Machine learning is teaching us the secret to teaching - dnetesn
http://nautil.us/issue/6/secret-codes/teaching-me-softly

======
vanderZwan
Although the article makes no mention of them, George Lakoff and Mark
Johnson's research on conceptual metaphor[0] seems to be intricately tied to
this, somehow. I recently read two books by them: _Metaphors We Live By_ (see
Peter Norvig's description here[1]), and _Philosophy In The Flesh_ [2] and
found the ideas in them on how humans use metaphors to make sese of things
very interesting and intuitive. It actually left me wondering when and how AI
would use these insights.

[0]
[http://en.wikipedia.org/wiki/Conceptual_metaphor](http://en.wikipedia.org/wiki/Conceptual_metaphor)

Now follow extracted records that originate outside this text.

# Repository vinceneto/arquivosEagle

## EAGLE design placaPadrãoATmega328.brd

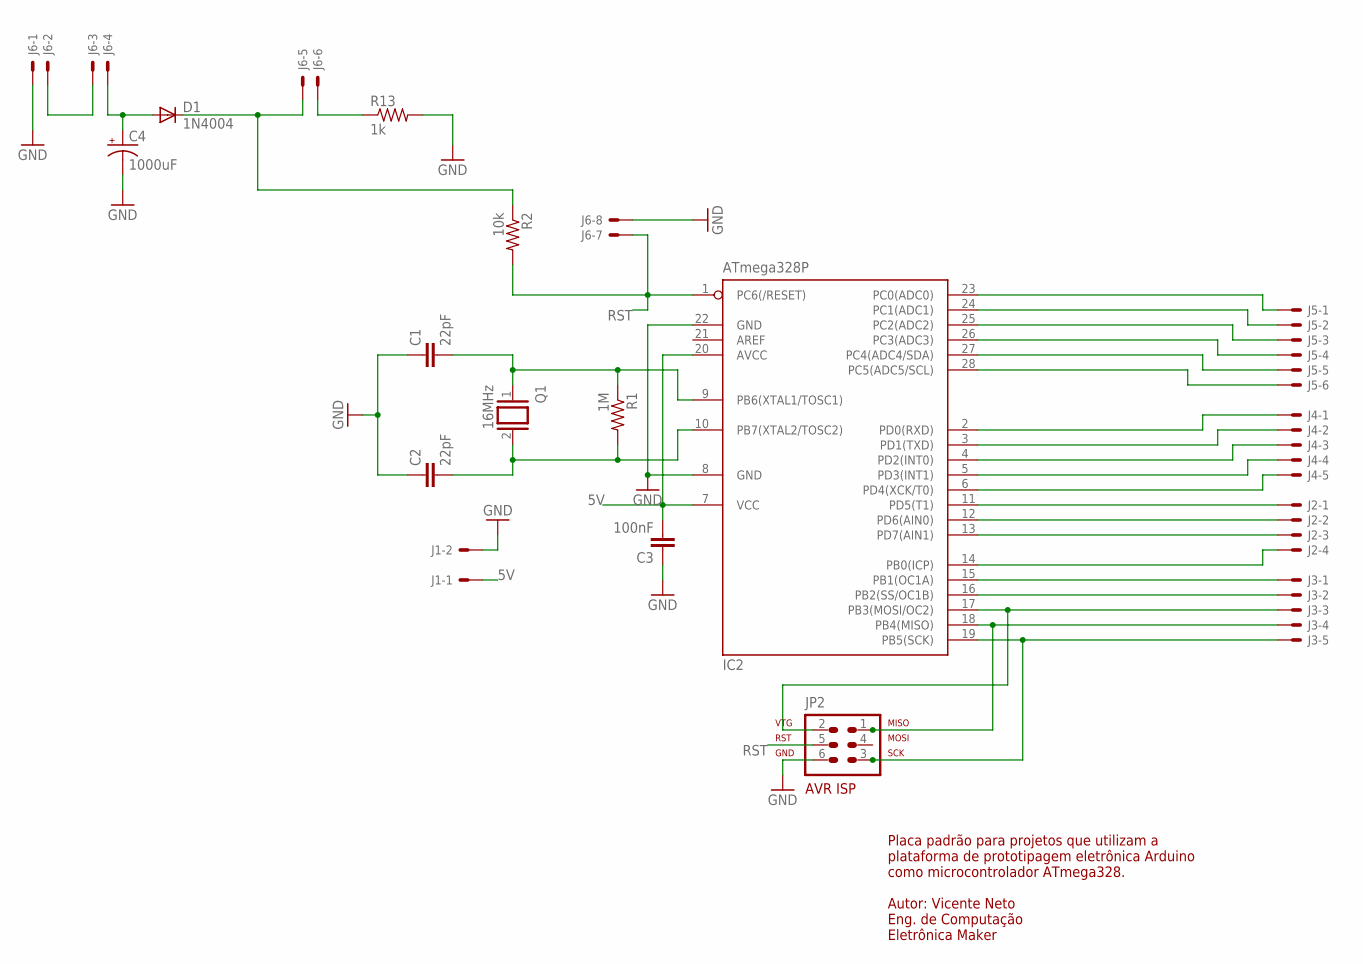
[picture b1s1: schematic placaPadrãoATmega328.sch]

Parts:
C1, C2: 22pF; C025-025X050
C3: 100nF; C025-025X050
C4: 1000uF; E5-10,5
D1: 1N4004; DO41-10
IC2: ATmega328P; DIL28-3
J1: 22-27-2021-02; 6410-02
J2: 22-27-2041-04; 6410-04
J3, J4: 22-27-2051-05; 6410-05
J5: 22-27-2061-06; 6410-06
J6: 22-27-2081-08; 6410-08
JP2: ICSP; AVR-ISP-6
Q1: 16MHz; QS
R1: 1M; 0204/7
R2: 10k; 0204/7
R13: 1k; 0204/7

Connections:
5V: C3.2, D1.C, IC2.7 (VCC), IC2.20 (AVCC), J1.1, J6.5, R2.1
A0: IC2.23 (PC0(ADC0)), J5.1
A1: IC2.24 (PC1(ADC1)), J5.2
A2: IC2.25 (PC2(ADC2)), J5.3
A3: IC2.26 (PC3(ADC3)), J5.4
A4: IC2.27 (PC4(ADC4/SDA)), J5.5
A5: IC2.28 (PC5(ADC5/SCL)), J5.6
GND: C1.1, C2.1, C3.1, C4.-, IC2.8 (GND), IC2.22 (GND), J1.2, J6.1, J6.8, JP2.6, R13.2
unnamed: C1.2, IC2.9 (PB6(XTAL1/TOSC1)), Q1.1, R1.1
unnamed: C2.2, IC2.10 (PB7(XTAL2/TOSC2)), Q1.2, R1.2
unnamed: IC2.19 (PB5(SCK)), J3.5, JP2.3
unnamed: C4.+, D1.A, J6.4
unnamed: IC2.3 (PD1(TXD)), J4.2
unnamed: IC2.18 (PB4(MISO)), J3.4, JP2.1
unnamed: IC2.17 (PB3(MOSI/OC2)), J3.3, JP2.2
unnamed: IC2.2 (PD0(RXD)), J4.1
unnamed: IC2.4 (PD2(INT0)), J4.3
unnamed: IC2.5 (PD3(INT1)), J4.4
unnamed: IC2.6 (PD4(XCK/T0)), J4.5
unnamed: IC2.11 (PD5(T1)), J2.1
unnamed: IC2.12 (PD6(AIN0)), J2.2
unnamed: IC2.13 (PD7(AIN1)), J2.3
unnamed: IC2.14 (PB0(ICP)), J2.4
unnamed: IC2.15 (PB1(OC1A)), J3.1
unnamed: IC2.16 (PB2(SS/OC1B)), J3.2
unnamed: J6.2, J6.3
unnamed: J6.6, R13.1
RST: IC2.1 (PC6(/RESET)), J6.7, JP2.5, R2.2

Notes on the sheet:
Placa padrão para projetos que utilizam a plataforma de prototipagem eletrônica Arduino como microcontrolador ATmega328. Autor: Vicente Neto Eng. de Computação Eletrônica Maker

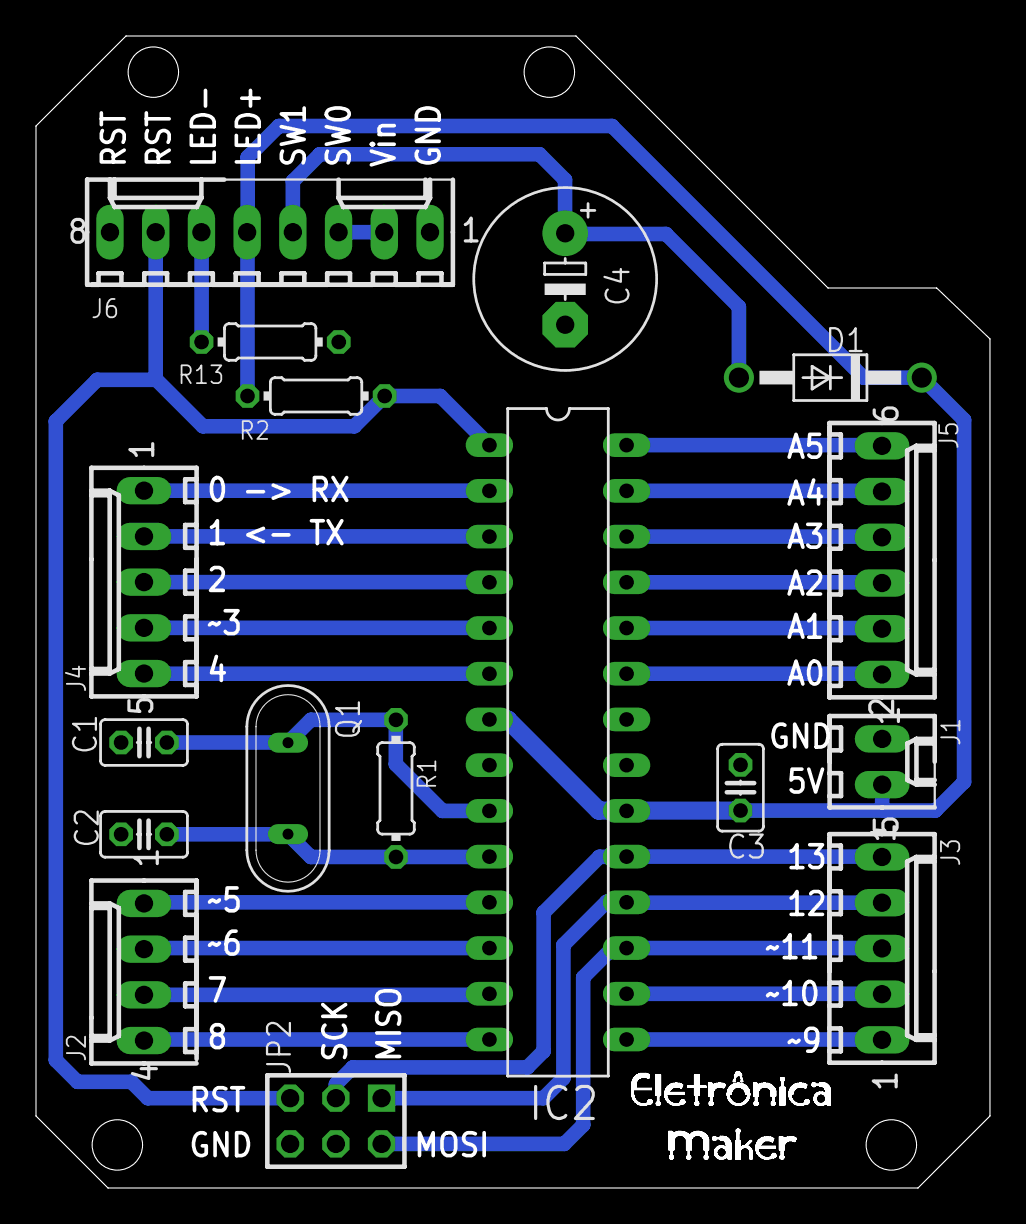
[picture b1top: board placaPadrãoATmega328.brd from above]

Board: 2 copper layers, 53.0 x 64.0 mm, 17 parts (0 on the bottom side), 28 nets.

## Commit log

2018-03-29 arquivosEagle
    Arquivos .brd e .sch
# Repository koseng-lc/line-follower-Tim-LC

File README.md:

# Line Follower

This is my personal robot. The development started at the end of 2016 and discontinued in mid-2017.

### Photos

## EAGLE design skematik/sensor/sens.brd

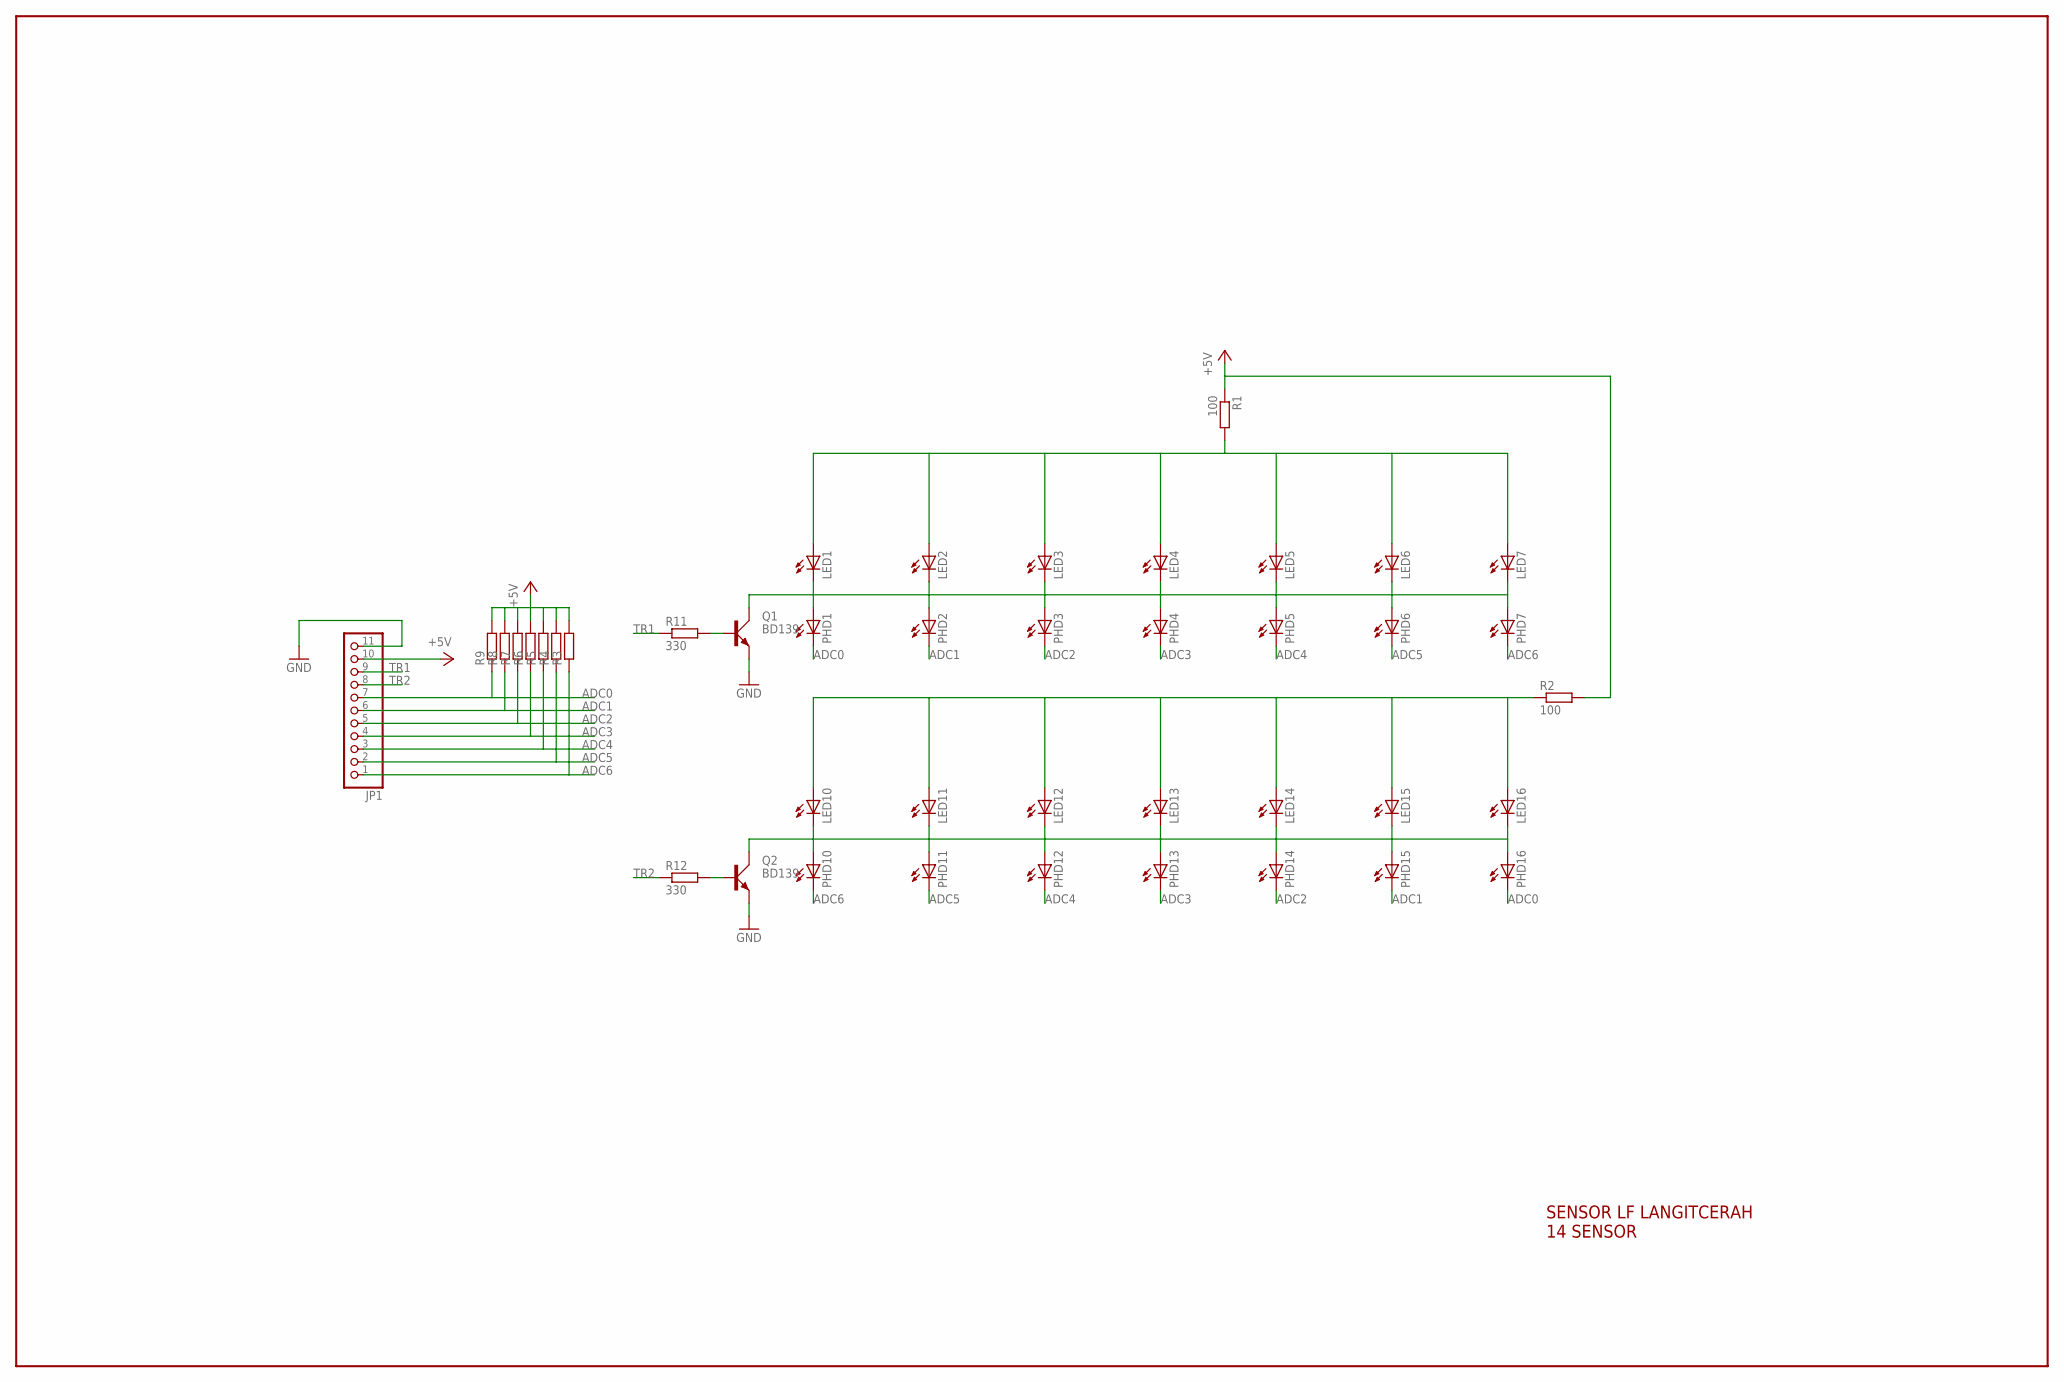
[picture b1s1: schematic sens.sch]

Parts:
JP1: PINHD-1X11; 1X11
LED1, LED2, LED3, LED4, LED5, LED6, LED7, LED10, LED11, LED12, LED13, LED14, LED15, LED16: LED3MM
PHD1, PHD2, PHD3, PHD4, PHD5, PHD6, PHD7, PHD10, PHD11, PHD12, PHD13, PHD14, PHD15, PHD16: LED3MM
Q1, Q2: BD139; TO126AV
R1, R2: 100; 0207/10
R3, R4, R5, R6, R7, R8, R9: R-EU_0207/10; 0207/10
R11, R12: 330; 0207/10

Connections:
+5V: JP1.10, R1.1, R2.2, R3.2, R4.2, R5.2, R6.2, R7.2, R8.2, R9.2
ADC0: JP1.7, PHD1.K (C), PHD16.K (C), R9.1
ADC1: JP1.6, PHD2.K (C), PHD15.K (C), R8.1
ADC2: JP1.5, PHD3.K (C), PHD14.K (C), R7.1
ADC3: JP1.4, PHD4.K (C), PHD13.K (C), R6.1
ADC4: JP1.3, PHD5.K (C), PHD12.K (C), R5.1
ADC5: JP1.2, PHD6.K (C), PHD11.K (C), R4.1
ADC6: JP1.1, PHD7.K (C), PHD10.K (C), R3.1
GND: JP1.11, Q1.E, Q2.E
unnamed: LED1.A, LED2.A, LED3.A, LED4.A, LED5.A, LED6.A, LED7.A, R1.2
unnamed: LED1.K (C), LED2.K (C), LED3.K (C), LED4.K (C), LED5.K (C), LED6.K (C), LED7.K (C), PHD1.A, PHD2.A, PHD3.A, PHD4.A, PHD5.A, PHD6.A, PHD7.A, Q1.C
unnamed: LED10.K (C), LED11.K (C), LED12.K (C), LED13.K (C), LED14.K (C), LED15.K (C), LED16.K (C), PHD10.A, PHD11.A, PHD12.A, PHD13.A, PHD14.A, PHD15.A, PHD16.A, Q2.C
unnamed: Q1.B, R11.2
unnamed: Q2.B, R12.2
TEPI: LED10.A, LED11.A, LED12.A, LED13.A, LED14.A, LED15.A, LED16.A, R2.1
TR1: JP1.9, R11.1
TR2: JP1.8, R12.1

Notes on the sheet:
SENSOR LF LANGITCERAH 14 SENSOR

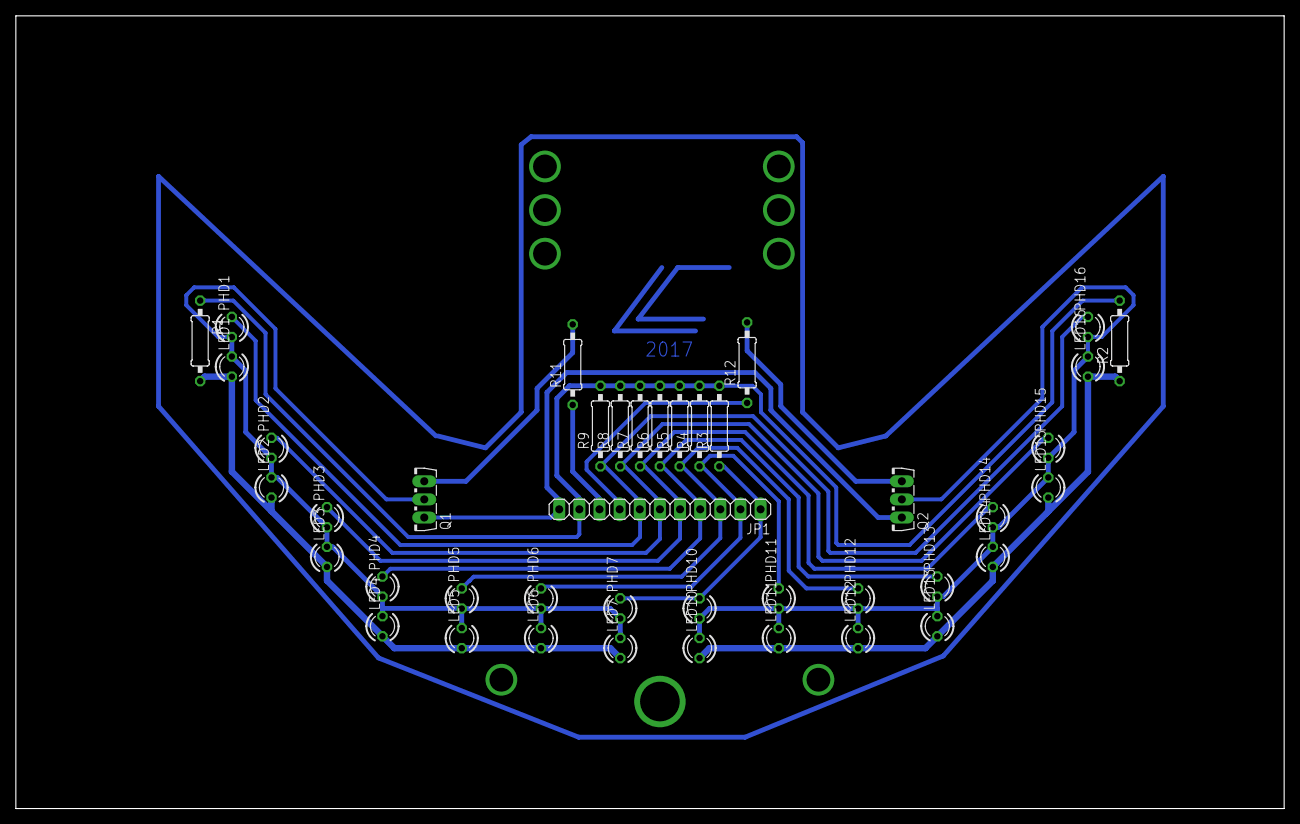
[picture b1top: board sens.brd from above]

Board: 2 copper layers, 160.0 x 100.0 mm, 42 parts (0 on the bottom side), 17 nets.

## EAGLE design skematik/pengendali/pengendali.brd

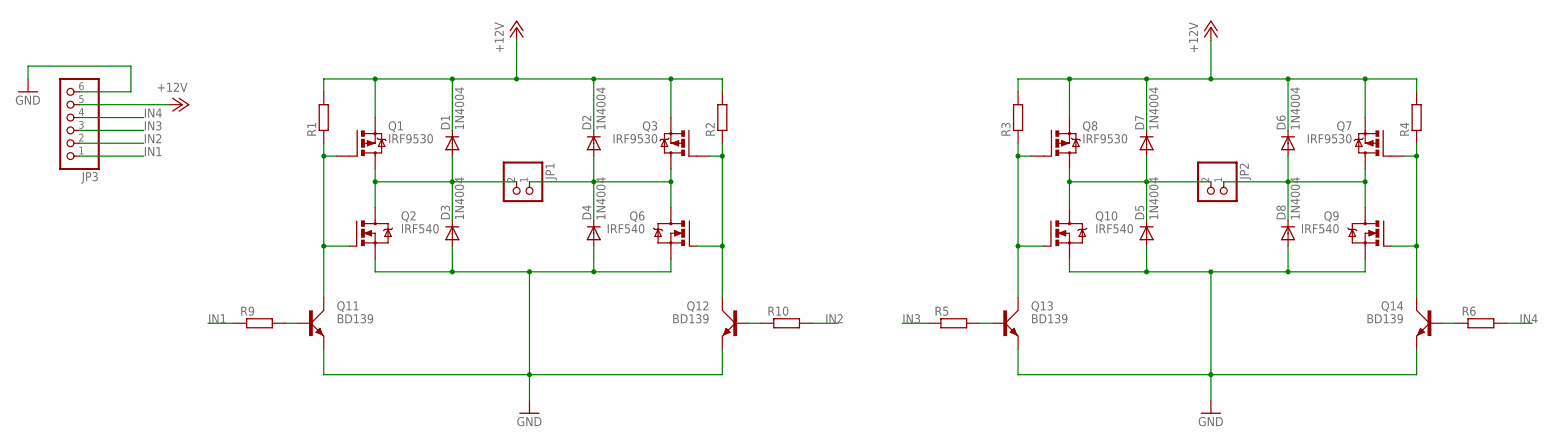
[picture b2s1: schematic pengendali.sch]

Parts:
D1, D2, D3, D4, D5, D6, D7, D8: 1N4004; DO41-10
JP1, JP2: PINHD-1X2; 1X02
JP3: PINHD-1X6; 1X06
Q1, Q3, Q7, Q8: IRF9530; TO220BV
Q2, Q6, Q9, Q10: IRF540; TO220BV
Q11, Q12, Q13, Q14: BD139; TO126AV
R1, R2, R3, R4, R5, R6, R9, R10: R-EU_0204/7; 0204/7

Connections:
+12V: D1.C, D2.C, D6.C, D7.C, JP3.5, Q1.S, Q3.S, Q7.S, Q8.S, R1.2, R2.2, R3.2, R4.2
GND: D3.A, D4.A, D5.A, D8.A, JP3.6, Q2.S, Q6.S, Q9.S, Q10.S, Q11.E, Q12.E, Q13.E, Q14.E
IN1: JP3.1, R9.1
IN2: JP3.2, R10.2
IN3: JP3.3, R5.1
IN4: JP3.4, R6.2
unnamed: Q1.G, Q2.G, Q11.C, R1.1
unnamed: Q8.G, Q10.G, Q13.C, R3.1
unnamed: Q3.G, Q6.G, Q12.C, R2.1
unnamed: Q11.B, R9.2
unnamed: Q12.B, R10.1
unnamed: D1.A, D3.C, JP1.2, Q1.D, Q2.D
unnamed: D2.A, D4.C, JP1.1, Q3.D, Q6.D
unnamed: Q13.B, R5.2
unnamed: Q14.B, R6.1
unnamed: Q7.G, Q9.G, Q14.C, R4.1
unnamed: D5.C, D7.A, JP2.2, Q8.D, Q10.D
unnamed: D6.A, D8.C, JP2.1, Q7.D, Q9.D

[1] [http://norvig.com/mwlb.html](http://norvig.com/mwlb.html) \- because it
stays focused on language it manages to make a clear and convincing case

[2] [http://www.nytimes.com/books/first/l/lakoff-
philosophy.html](http://www.nytimes.com/books/first/l/lakoff-philosophy.html)
\- by comparison a flawed but nonetheless good read. I agree with the
critiques laid out this review:
[http://lesswrong.com/lw/871/review_of_lakoff_johnson_philoso...](http://lesswrong.com/lw/871/review_of_lakoff_johnson_philosophy_in_the_flesh/)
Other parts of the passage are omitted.